**Exercise description:**
Among the lines below, count those with "diagram". Give the total alone.

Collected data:
______________________________

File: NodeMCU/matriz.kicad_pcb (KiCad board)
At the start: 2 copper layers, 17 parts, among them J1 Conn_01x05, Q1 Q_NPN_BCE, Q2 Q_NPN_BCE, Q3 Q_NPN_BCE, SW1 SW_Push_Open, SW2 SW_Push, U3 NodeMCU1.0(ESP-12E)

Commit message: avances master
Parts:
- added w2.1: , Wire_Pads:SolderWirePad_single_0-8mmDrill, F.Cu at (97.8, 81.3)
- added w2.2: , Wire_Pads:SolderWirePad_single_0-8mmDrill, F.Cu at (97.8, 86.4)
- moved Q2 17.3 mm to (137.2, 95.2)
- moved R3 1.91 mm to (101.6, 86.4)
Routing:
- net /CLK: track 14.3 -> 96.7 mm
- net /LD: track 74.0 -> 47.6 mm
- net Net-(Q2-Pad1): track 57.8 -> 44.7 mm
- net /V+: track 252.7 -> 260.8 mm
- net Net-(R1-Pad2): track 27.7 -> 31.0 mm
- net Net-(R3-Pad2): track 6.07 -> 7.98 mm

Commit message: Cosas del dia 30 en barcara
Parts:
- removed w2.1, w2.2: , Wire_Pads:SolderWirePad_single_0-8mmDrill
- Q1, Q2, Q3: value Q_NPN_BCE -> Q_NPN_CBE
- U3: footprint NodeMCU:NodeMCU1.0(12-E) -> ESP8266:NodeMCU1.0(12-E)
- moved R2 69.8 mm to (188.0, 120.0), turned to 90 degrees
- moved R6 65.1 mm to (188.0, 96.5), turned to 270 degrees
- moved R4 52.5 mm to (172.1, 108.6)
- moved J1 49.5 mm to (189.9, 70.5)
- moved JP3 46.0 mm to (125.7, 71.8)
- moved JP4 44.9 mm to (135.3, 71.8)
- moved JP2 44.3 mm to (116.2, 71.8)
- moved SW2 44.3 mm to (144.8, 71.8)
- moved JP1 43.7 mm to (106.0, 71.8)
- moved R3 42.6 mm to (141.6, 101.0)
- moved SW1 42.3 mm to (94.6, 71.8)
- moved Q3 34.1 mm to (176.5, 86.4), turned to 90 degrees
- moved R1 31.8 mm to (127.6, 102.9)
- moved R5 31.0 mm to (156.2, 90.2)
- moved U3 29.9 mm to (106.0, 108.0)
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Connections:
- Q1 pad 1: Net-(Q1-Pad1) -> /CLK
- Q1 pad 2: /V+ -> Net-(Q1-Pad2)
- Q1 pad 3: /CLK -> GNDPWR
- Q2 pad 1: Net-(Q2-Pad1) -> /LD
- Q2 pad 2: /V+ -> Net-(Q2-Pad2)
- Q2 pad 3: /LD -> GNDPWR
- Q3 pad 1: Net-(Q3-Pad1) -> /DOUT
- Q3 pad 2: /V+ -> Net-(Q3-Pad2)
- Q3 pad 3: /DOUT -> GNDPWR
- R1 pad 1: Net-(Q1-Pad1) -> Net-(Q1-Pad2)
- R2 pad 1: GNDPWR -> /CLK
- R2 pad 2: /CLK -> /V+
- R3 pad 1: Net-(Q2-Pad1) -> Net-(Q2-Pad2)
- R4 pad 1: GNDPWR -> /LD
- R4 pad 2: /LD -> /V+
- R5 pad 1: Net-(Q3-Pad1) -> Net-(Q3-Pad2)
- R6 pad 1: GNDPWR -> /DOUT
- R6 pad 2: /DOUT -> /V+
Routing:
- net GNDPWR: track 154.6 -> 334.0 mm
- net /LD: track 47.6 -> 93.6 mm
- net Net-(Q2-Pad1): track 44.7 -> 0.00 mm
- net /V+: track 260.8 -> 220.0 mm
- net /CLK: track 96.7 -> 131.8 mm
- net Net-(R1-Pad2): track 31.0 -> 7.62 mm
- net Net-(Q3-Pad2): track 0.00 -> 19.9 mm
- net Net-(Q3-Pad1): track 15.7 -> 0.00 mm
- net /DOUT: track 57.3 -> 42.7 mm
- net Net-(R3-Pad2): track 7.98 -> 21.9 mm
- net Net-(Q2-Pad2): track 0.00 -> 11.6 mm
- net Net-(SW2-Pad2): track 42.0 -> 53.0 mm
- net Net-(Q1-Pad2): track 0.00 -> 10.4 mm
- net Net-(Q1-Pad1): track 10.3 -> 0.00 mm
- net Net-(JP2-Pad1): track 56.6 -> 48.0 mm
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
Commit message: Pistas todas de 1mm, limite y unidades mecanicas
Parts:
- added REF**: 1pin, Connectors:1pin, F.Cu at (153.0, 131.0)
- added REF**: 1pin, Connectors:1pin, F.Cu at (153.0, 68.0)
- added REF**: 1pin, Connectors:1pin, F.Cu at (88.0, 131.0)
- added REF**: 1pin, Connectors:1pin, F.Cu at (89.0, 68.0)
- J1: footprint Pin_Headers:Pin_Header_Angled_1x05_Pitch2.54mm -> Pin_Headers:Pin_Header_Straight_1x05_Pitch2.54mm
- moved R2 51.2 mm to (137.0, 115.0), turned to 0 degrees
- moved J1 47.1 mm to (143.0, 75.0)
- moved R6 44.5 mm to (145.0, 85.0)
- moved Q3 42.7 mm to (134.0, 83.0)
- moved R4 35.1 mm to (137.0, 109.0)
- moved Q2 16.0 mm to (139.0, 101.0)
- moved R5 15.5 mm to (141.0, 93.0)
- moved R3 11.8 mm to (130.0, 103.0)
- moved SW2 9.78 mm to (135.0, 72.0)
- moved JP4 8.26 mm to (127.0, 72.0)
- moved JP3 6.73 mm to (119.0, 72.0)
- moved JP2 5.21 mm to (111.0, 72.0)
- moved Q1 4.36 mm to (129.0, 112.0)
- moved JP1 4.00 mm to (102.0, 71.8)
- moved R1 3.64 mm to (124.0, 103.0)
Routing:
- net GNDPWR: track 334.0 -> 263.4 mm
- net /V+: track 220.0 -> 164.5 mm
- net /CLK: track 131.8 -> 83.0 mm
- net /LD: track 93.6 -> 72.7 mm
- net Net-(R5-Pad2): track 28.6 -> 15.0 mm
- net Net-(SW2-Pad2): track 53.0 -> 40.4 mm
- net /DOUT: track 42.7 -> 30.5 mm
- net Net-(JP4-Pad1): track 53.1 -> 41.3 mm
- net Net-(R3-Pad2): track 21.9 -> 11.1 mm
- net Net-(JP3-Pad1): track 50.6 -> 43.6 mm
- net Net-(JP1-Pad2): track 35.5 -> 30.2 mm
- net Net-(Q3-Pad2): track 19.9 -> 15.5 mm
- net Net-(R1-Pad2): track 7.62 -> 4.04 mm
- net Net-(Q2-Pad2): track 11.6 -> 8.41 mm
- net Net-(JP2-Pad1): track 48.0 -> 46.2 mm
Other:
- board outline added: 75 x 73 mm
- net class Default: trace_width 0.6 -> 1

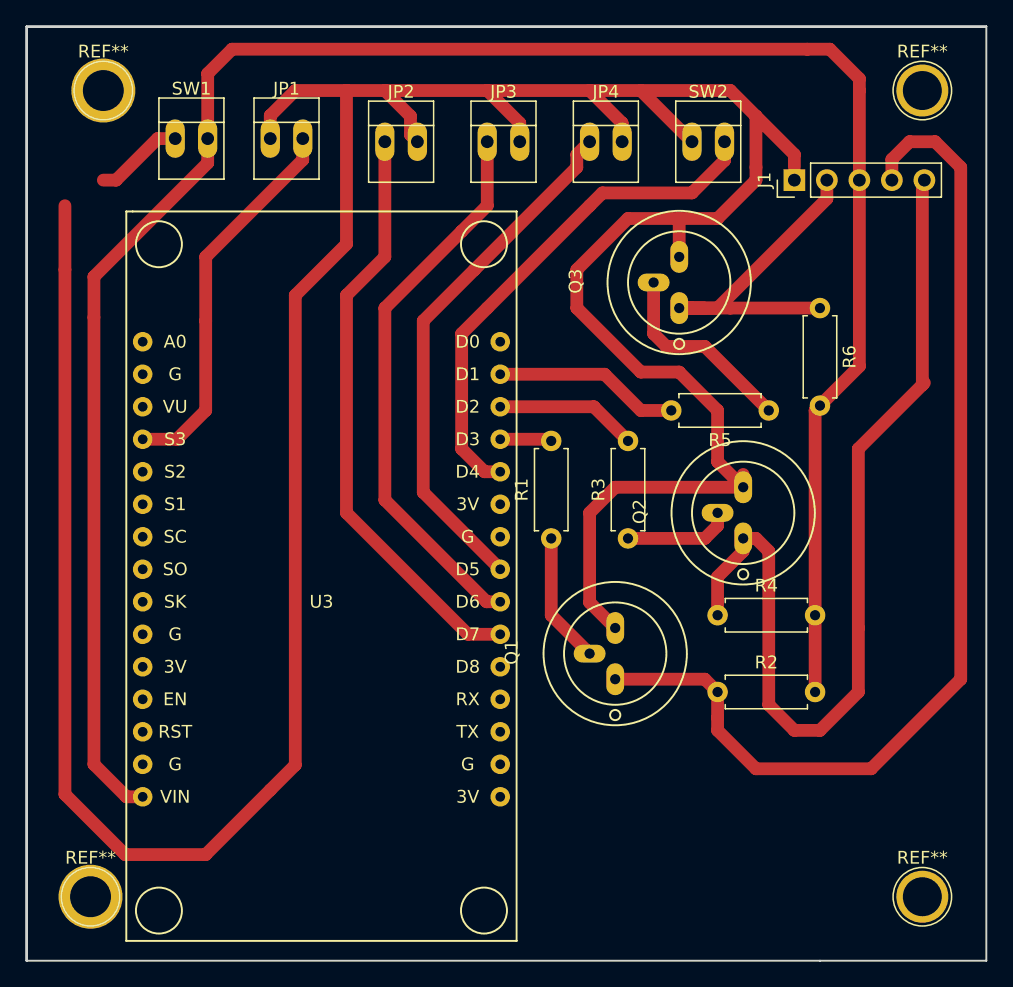
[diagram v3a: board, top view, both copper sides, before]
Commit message: Saco un jumprs y reacomodo
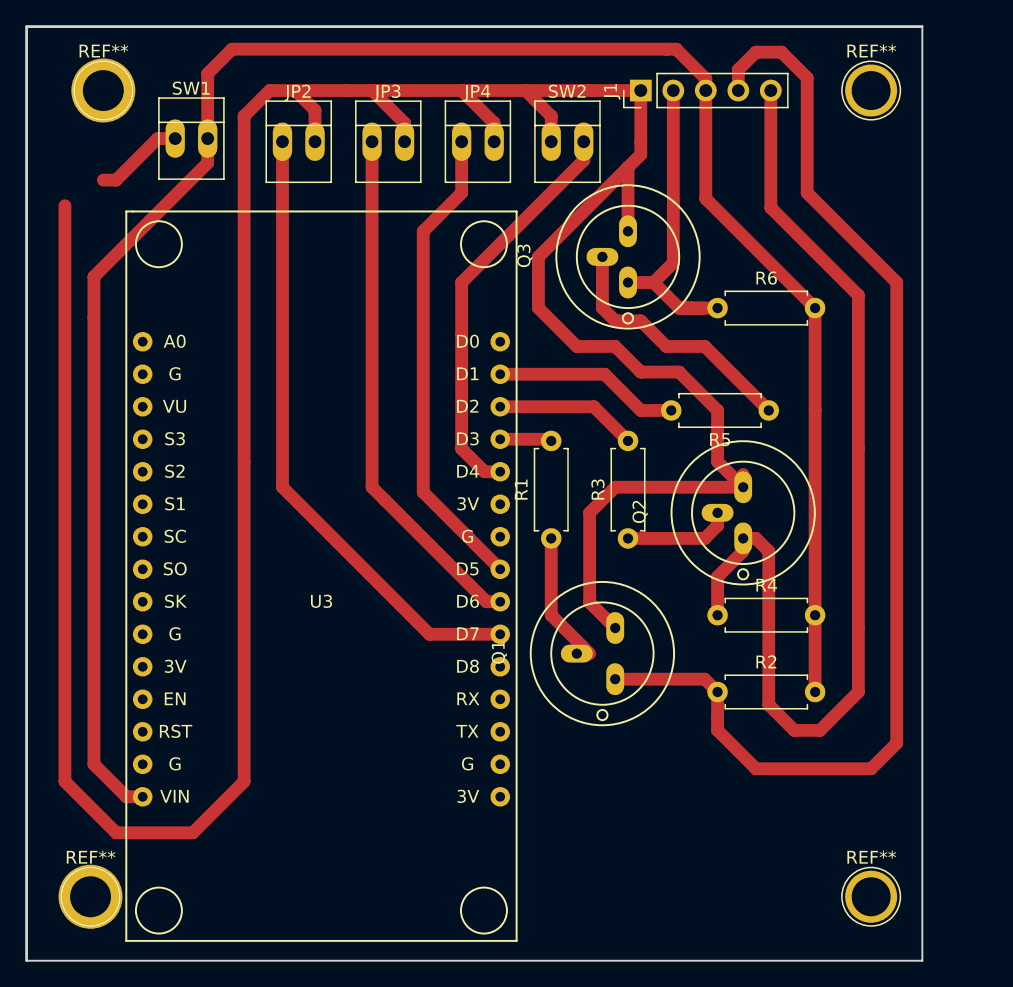
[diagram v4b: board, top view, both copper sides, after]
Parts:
- removed JP1: Jp_open_small, Connectors:PINHEAD1-2
- moved J1 13.9 mm to (131.0, 68.0)
- moved SW2 11.0 mm to (124.0, 72.0)
- moved JP4 10.0 mm to (117.0, 72.0)
- moved JP3 9.00 mm to (110.0, 72.0)
- moved JP2 8.00 mm to (103.0, 72.0)
- moved R6 8.00 mm to (137.0, 85.0), turned to 0 degrees
- moved Q3 4.47 mm to (130.0, 81.0)
- moved REF** 4.00 mm to (149.0, 131.0)
- moved REF** 4.00 mm to (149.0, 68.0)
- moved Q1 1.00 mm to (128.0, 112.0)
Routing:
- net Net-(U3-Pad4): track 30.2 -> 0.00 mm
- net GNDPWR: track 263.4 -> 238.8 mm
- net /V+: track 164.5 -> 154.6 mm
- net Net-(SW2-Pad2): track 40.4 -> 31.7 mm
- net /CLK: track 83.0 -> 90.8 mm
- net /LD: track 72.7 -> 80.1 mm
- net Net-(Q3-Pad2): track 15.5 -> 20.3 mm
- net Net-(JP4-Pad1): track 41.3 -> 37.1 mm
- net /DOUT: track 30.5 -> 26.5 mm
- net Net-(JP3-Pad1): track 43.6 -> 40.7 mm
- net Net-(JP2-Pad1): track 46.2 -> 48.8 mm
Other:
- board size 75 x 73 mm -> 70 x 73 mm

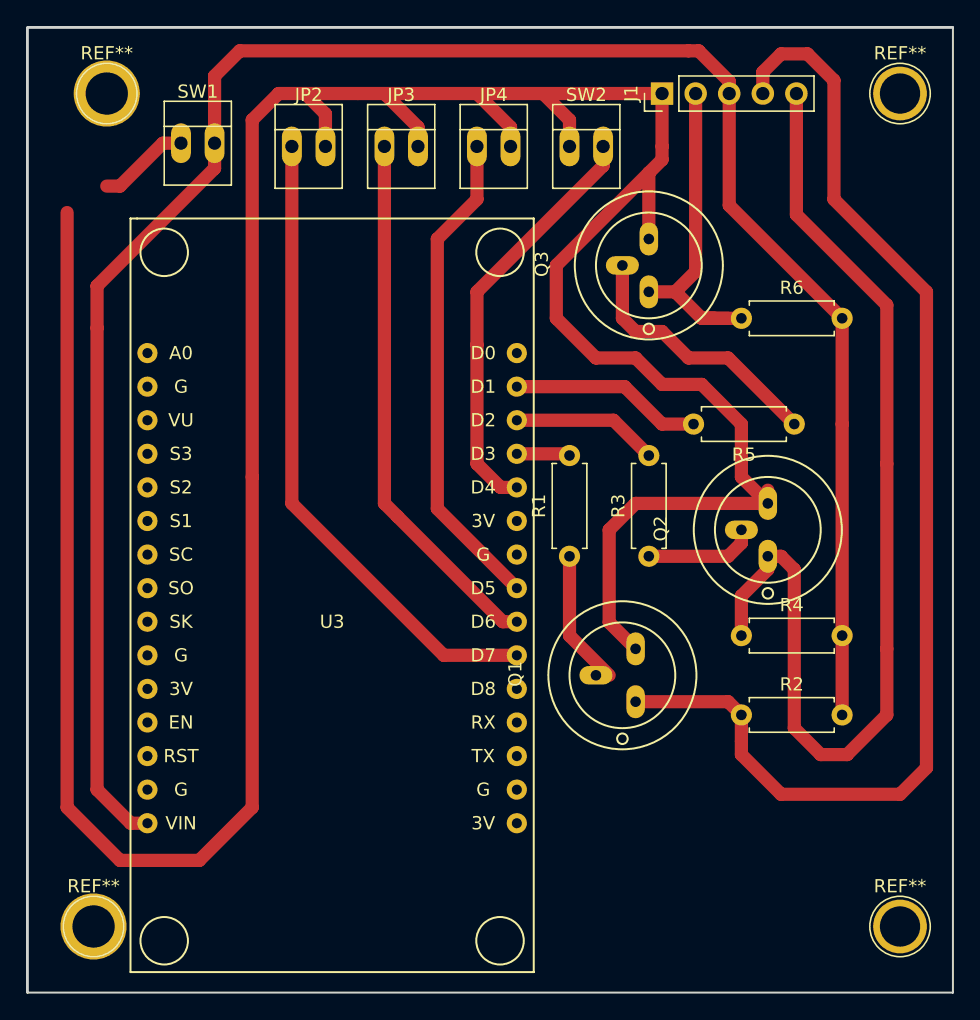
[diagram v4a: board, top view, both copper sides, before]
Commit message: Pongo las pistas en para que sea lo de atras (en verde) y minimiso espacio
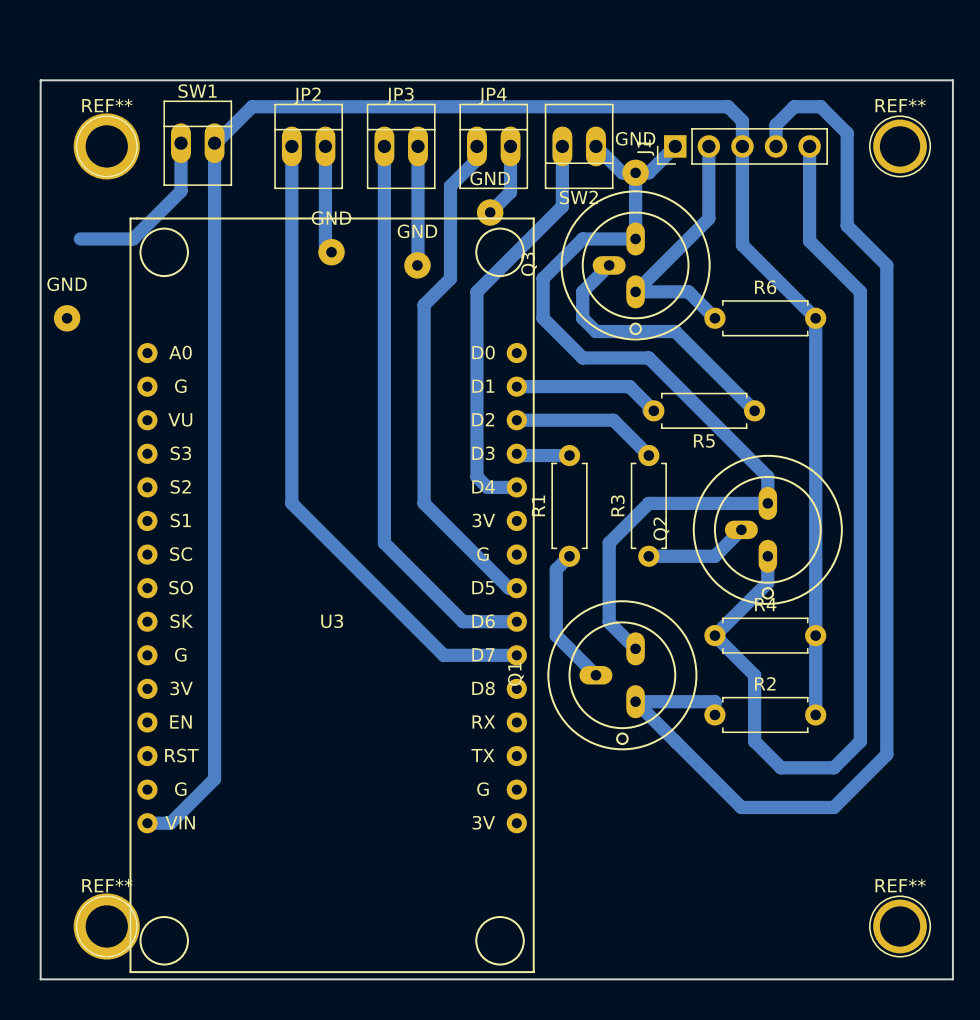
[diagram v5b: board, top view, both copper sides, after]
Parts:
- added GND: , Wire_Pads:SolderWirePad_single_0-8mmDrill, F.Cu at (106.0, 80.0)
- added GND: , Wire_Pads:SolderWirePad_single_0-8mmDrill, F.Cu at (118.0, 77.0)
- added GND: , Wire_Pads:SolderWirePad_single_0-8mmDrill, F.Cu at (129.0, 74.0)
- added GND: , Wire_Pads:SolderWirePad_single_0-8mmDrill, F.Cu at (112.5, 81.0)
- added GND: , Wire_Pads:SolderWirePad_single_0-8mmDrill, F.Cu at (86.0, 85.0)
- moved J1 4.12 mm to (132.0, 72.0)
- moved REF** 4.00 mm to (149.0, 72.0)
- moved REF** 4.00 mm to (89.0, 72.0)
- moved R5 3.16 mm to (138.0, 92.0)
- moved R2 2.00 mm to (135.0, 115.0)
- moved R4 2.00 mm to (135.0, 109.0)
- moved R6 2.00 mm to (135.0, 85.0)
- moved SW2 2.00 mm to (126.0, 72.0), turned to 180 degrees
- moved Q3 1.00 mm to (129.0, 81.0)
- moved REF** 1.00 mm to (89.0, 131.0)
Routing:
- net GNDPWR: track 238.8 -> 92.8 mm
- net /V+: track 154.6 -> 143.3 mm
- net /LD: track 80.1 -> 73.1 mm
- net /DOUT: track 26.5 -> 20.1 mm
- net +5V: track 6.96 -> 12.7 mm
- net Net-(R5-Pad2): track 15.0 -> 11.5 mm
- net /CLK: track 90.8 -> 87.6 mm
- net Net-(JP3-Pad1): track 40.7 -> 42.5 mm
- net Net-(JP4-Pad1): track 37.1 -> 38.3 mm
- net Net-(SW2-Pad2): track 31.7 -> 31.0 mm
- net Net-(Q2-Pad2): track 8.41 -> 7.83 mm
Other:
- board size 70 x 73 mm -> 69 x 68 mm

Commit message: Avances entre todos
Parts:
- R1, R3, R5: value 50KOhm -> 500Ohm
- R2, R6: value 0.7KOhm -> 1000KOhm
- R4: value 0.7KOhm -> 1000Ohm
- moved GND 0.50 mm to (129.0, 74.5)
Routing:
- net GNDPWR: track 92.8 -> 93.5 mm
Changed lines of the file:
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@@
     (links 32)
     (no_connects 3)
-    (area 82.924999 62.924999 165.85 143.700001)
+    (area 83.924999 66.88 164.85 141.700001)
     (thickness 1.6)
     (drawings 6)
-    (tracks 99)
+    (tracks 98)
     (zones 0)
     (modules 25)
@@
     (mod_text_size 1 1)
     (mod_text_width 0.15)
-    (pad_size 1.99898 1.99898)
-    (pad_drill 0.8001)
+    (pad_size 4.5 4.5)
+    (pad_drill 4)
     (pad_to_mask_clearance 0.2)
     (aux_axis_origin 0 0)
     (visible_elements 7FFFFFFF)
     (pcbplotparams
-      (layerselection 0x00030_80000001)
+      (layerselection 0x00000_80000000)
       (usegerberextensions false)
       (excludeedgelayer true)
-      (linewidth 0.100000)
+      (linewidth 1.000000)
       (plotframeref false)
       (viasonmask false)
@@
       (padsonsilk false)
       (subtractmaskfromsilk false)
-      (outputformat 1)
+      (outputformat 4)
       (mirror false)
-      (drillshape 1)
+      (drillshape 0)
       (scaleselection 1)
-      (outputdirectory ""))
+      (outputdirectory C:/Users/nahuel/git/conexiones/))
   )
   (net 0 "")
@@
       (effects (font (size 1 1) (thickness 0.15)))
     )
-    (fp_text value 50KOhm (at 3.81 2.31 90) (layer F.Fab)
+    (fp_text value 500Ohm (at 3.81 2.31 90) (layer F.Fab)
       (effects (font (size 1 1) (thickness 0.15)))
     )
@@
       (effects (font (size 1 1) (thickness 0.15)))
     )
-    (fp_text value 0.7KOhm (at 3.81 2.31) (layer F.Fab)
+    (fp_text value 1000KOhm (at 3.81 2.31) (layer F.Fab)
       (effects (font (size 1 1) (thickness 0.15)))
     )
@@
       (effects (font (size 1 1) (thickness 0.15)))
     )
-    (fp_text value 50KOhm (at 3.81 2.31 90) (layer F.Fab)
+    (fp_text value 500Ohm (at 3.81 2.31 90) (layer F.Fab)
       (effects (font (size 1 1) (thickness 0.15)))
     )
@@
       (effects (font (size 1 1) (thickness 0.15)))
     )
-    (fp_text value 0.7KOhm (at 3.81 2.31) (layer F.Fab)
+    (fp_text value 1000Ohm (at 3.81 2.31) (layer F.Fab)
       (effects (font (size 1 1) (thickness 0.15)))
     )
@@
       (effects (font (size 1 1) (thickness 0.15)))
     )
-    (fp_text value 50KOhm (at 3.81 2.31 180) (layer F.Fab)
+    (fp_text value 500Ohm (at 3.81 2.31 180) (layer F.Fab)
       (effects (font (size 1 1) (thickness 0.15)))
     )
@@
       (effects (font (size 1 1) (thickness 0.15)))
     )
-    (fp_text value 0.7KOhm (at 3.81 2.31) (layer F.Fab)
+    (fp_text value 1000KOhm (at 3.81 2.31) (layer F.Fab)
       (effects (font (size 1 1) (thickness 0.15)))
     )
@@
     (fp_circle (center 0 0) (end 2.6 0) (layer F.CrtYd) (width 0.05))
     (fp_circle (center 0 0) (end 0 -2.286) (layer F.SilkS) (width 0.12))
-    (pad 1 thru_hole circle (at 0 0) (size 4.064 4.064) (drill 3.048) (layers *.Cu *.Mask))
+    (pad 1 thru_hole circle (at 0 0) (size 4.5 4.5) (drill 4) (layers *.Cu *.Mask))
   )
   (module Connectors:1pin (layer F.Cu)
@@
     (fp_circle (center 0 0) (end 2.6 0) (layer F.CrtYd) (width 0.05))
     (fp_circle (center 0 0) (end 0 -2.286) (layer F.SilkS) (width 0.12))
-    (pad 1 thru_hole circle (at 0 0) (size 4.064 4.064) (drill 3.048) (layers *.Cu *.Mask))
+    (pad 1 thru_hole circle (at 0 0) (size 4.5 4.5) (drill 4) (layers *.Cu *.Mask))
   )
   (module Connectors:1pin (layer F.Cu)
@@
     (fp_circle (center 0 0) (end 2.6 0) (layer F.CrtYd) (width 0.05))
     (fp_circle (center 0 0) (end 0 -2.286) (layer F.SilkS) (width 0.12))
-    (pad 1 thru_hole circle (at 0 0) (size 5 5) (drill 3.2) (layers *.Cu *.Mask))
+    (pad 1 thru_hole circle (at 0 0) (size 4.5 4.5) (drill 4) (layers *.Cu *.Mask))
   )
   (module Connectors:1pin (layer F.Cu)
@@
     (fp_circle (center 0 0) (end 2.6 0) (layer F.CrtYd) (width 0.05))
     (fp_circle (center 0 0) (end 0 -2.286) (layer F.SilkS) (width 0.12))
-    (pad 1 thru_hole circle (at 0 0) (size 5 5) (drill 3.2) (layers *.Cu *.Mask))
+    (pad 1 thru_hole circle (at 0 0) (size 4.5 4.5) (drill 4) (layers *.Cu *.Mask))
   )
   (module Wire_Pads:SolderWirePad_single_0-8mmDrill (layer F.Cu)
@@
   )
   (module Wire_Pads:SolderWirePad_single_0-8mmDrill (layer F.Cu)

______________________________

**Task solution:**
4